__DATA SHOWN__:
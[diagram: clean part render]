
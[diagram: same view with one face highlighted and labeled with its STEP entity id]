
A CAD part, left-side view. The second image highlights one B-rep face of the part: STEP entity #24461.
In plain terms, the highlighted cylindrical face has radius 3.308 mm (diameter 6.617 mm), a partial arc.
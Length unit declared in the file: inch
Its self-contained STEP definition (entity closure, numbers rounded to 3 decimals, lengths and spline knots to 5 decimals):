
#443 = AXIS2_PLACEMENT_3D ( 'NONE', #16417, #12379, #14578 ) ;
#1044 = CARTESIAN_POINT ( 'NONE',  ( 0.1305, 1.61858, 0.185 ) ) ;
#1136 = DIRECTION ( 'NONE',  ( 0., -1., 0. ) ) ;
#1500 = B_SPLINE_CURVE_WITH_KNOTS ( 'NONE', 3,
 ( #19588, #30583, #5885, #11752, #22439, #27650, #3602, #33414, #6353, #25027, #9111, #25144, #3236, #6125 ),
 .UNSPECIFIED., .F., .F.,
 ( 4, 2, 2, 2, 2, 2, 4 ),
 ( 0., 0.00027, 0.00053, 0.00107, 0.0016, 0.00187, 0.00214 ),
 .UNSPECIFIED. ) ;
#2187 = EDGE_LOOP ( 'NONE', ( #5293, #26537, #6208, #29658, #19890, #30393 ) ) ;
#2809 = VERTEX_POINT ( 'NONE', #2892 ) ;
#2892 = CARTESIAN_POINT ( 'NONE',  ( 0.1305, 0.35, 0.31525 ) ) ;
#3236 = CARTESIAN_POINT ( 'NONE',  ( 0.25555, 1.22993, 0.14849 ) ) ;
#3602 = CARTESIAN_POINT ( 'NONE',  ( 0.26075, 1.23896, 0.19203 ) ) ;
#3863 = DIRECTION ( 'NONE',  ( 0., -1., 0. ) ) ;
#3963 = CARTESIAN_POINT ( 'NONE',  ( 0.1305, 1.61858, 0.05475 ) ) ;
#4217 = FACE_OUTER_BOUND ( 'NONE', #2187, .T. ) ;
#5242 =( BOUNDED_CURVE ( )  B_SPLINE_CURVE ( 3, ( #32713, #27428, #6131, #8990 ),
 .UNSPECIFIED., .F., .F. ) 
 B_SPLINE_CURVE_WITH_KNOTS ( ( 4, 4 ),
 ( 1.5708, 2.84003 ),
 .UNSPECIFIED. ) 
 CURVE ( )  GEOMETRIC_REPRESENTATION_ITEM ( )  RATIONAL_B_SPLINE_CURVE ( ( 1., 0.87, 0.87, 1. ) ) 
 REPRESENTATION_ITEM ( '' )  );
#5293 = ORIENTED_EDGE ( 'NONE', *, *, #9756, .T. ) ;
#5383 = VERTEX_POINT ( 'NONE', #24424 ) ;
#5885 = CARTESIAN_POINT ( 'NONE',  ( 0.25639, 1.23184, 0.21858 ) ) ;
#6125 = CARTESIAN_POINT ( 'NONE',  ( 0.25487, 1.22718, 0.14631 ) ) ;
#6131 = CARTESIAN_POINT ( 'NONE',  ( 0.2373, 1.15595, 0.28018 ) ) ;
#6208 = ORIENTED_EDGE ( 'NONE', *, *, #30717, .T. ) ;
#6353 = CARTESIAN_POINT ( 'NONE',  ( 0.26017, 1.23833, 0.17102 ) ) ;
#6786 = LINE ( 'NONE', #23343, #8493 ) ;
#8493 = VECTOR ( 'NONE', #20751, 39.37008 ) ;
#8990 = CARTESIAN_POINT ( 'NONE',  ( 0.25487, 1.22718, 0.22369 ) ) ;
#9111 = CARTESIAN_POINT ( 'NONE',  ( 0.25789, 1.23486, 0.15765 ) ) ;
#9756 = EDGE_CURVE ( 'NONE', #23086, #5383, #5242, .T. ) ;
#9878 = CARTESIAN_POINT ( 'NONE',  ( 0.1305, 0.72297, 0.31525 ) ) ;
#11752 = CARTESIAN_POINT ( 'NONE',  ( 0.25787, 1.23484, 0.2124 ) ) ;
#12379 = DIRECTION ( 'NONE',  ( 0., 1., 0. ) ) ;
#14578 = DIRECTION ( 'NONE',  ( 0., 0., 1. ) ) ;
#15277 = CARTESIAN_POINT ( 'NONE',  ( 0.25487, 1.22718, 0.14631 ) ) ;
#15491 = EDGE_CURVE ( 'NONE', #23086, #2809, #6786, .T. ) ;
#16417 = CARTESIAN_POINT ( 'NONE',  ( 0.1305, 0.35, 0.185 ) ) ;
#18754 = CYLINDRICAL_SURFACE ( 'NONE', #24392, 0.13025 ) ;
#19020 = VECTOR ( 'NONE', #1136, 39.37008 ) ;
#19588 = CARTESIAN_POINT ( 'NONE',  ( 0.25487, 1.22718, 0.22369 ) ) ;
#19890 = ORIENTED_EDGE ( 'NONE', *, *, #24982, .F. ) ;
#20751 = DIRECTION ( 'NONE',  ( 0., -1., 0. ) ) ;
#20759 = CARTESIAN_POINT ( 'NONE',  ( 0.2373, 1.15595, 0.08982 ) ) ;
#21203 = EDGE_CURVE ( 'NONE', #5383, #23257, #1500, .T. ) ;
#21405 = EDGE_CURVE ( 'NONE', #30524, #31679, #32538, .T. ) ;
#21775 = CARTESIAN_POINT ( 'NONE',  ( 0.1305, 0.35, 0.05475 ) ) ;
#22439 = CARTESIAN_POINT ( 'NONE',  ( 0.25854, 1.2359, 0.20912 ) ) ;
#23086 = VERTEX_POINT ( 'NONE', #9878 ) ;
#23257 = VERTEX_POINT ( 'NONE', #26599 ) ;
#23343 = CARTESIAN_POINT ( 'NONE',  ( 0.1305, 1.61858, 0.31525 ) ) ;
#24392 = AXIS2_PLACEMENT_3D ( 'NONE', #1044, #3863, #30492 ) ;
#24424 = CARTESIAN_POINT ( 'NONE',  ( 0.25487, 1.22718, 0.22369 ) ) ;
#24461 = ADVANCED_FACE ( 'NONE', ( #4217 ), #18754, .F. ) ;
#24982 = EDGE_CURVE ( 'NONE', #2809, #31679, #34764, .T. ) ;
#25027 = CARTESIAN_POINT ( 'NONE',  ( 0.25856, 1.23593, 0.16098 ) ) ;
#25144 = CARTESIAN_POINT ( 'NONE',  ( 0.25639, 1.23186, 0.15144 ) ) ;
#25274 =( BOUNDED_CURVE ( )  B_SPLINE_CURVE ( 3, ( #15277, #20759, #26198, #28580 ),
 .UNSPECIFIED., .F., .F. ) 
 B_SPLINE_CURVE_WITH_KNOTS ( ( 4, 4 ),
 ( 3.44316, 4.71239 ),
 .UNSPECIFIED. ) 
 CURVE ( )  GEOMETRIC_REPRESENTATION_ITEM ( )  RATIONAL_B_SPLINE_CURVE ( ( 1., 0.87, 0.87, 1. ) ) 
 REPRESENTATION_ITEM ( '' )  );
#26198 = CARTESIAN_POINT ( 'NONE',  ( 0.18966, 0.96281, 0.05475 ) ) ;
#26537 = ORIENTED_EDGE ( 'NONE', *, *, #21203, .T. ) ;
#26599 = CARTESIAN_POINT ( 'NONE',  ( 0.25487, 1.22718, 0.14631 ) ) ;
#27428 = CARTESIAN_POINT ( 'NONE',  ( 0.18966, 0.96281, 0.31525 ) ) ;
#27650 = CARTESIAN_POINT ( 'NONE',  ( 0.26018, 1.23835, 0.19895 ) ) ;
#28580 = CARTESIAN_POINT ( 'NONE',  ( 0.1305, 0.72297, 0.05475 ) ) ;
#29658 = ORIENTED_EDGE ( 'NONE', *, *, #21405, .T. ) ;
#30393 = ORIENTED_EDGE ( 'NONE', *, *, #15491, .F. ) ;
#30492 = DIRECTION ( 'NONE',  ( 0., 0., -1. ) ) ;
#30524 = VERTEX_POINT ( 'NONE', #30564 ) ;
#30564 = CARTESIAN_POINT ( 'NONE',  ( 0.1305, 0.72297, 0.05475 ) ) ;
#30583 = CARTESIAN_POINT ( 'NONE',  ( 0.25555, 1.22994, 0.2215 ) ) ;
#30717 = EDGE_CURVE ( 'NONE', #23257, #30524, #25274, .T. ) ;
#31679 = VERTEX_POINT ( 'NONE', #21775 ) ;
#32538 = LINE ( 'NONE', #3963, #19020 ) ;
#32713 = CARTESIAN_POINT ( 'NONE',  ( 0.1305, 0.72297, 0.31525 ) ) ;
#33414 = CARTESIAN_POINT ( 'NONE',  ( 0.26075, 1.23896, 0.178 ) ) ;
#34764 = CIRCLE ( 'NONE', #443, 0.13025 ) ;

__TASK TO CARRY OUT__:
Keeping every character as it is, restate the lines above that run from the line with "#27650 = CARTESIAN_POINT" through the line with "#30492 = DIRECTION", both included, and nothing else.

__SOLUTION FOR THIS EXERCISE__:
#27650 = CARTESIAN_POINT ( 'NONE',  ( 0.26018, 1.23835, 0.19895 ) ) ;
#28580 = CARTESIAN_POINT ( 'NONE',  ( 0.1305, 0.72297, 0.05475 ) ) ;
#29658 = ORIENTED_EDGE ( 'NONE', *, *, #21405, .T. ) ;
#30393 = ORIENTED_EDGE ( 'NONE', *, *, #15491, .F. ) ;
#30492 = DIRECTION ( 'NONE',  ( 0., 0., -1. ) ) ;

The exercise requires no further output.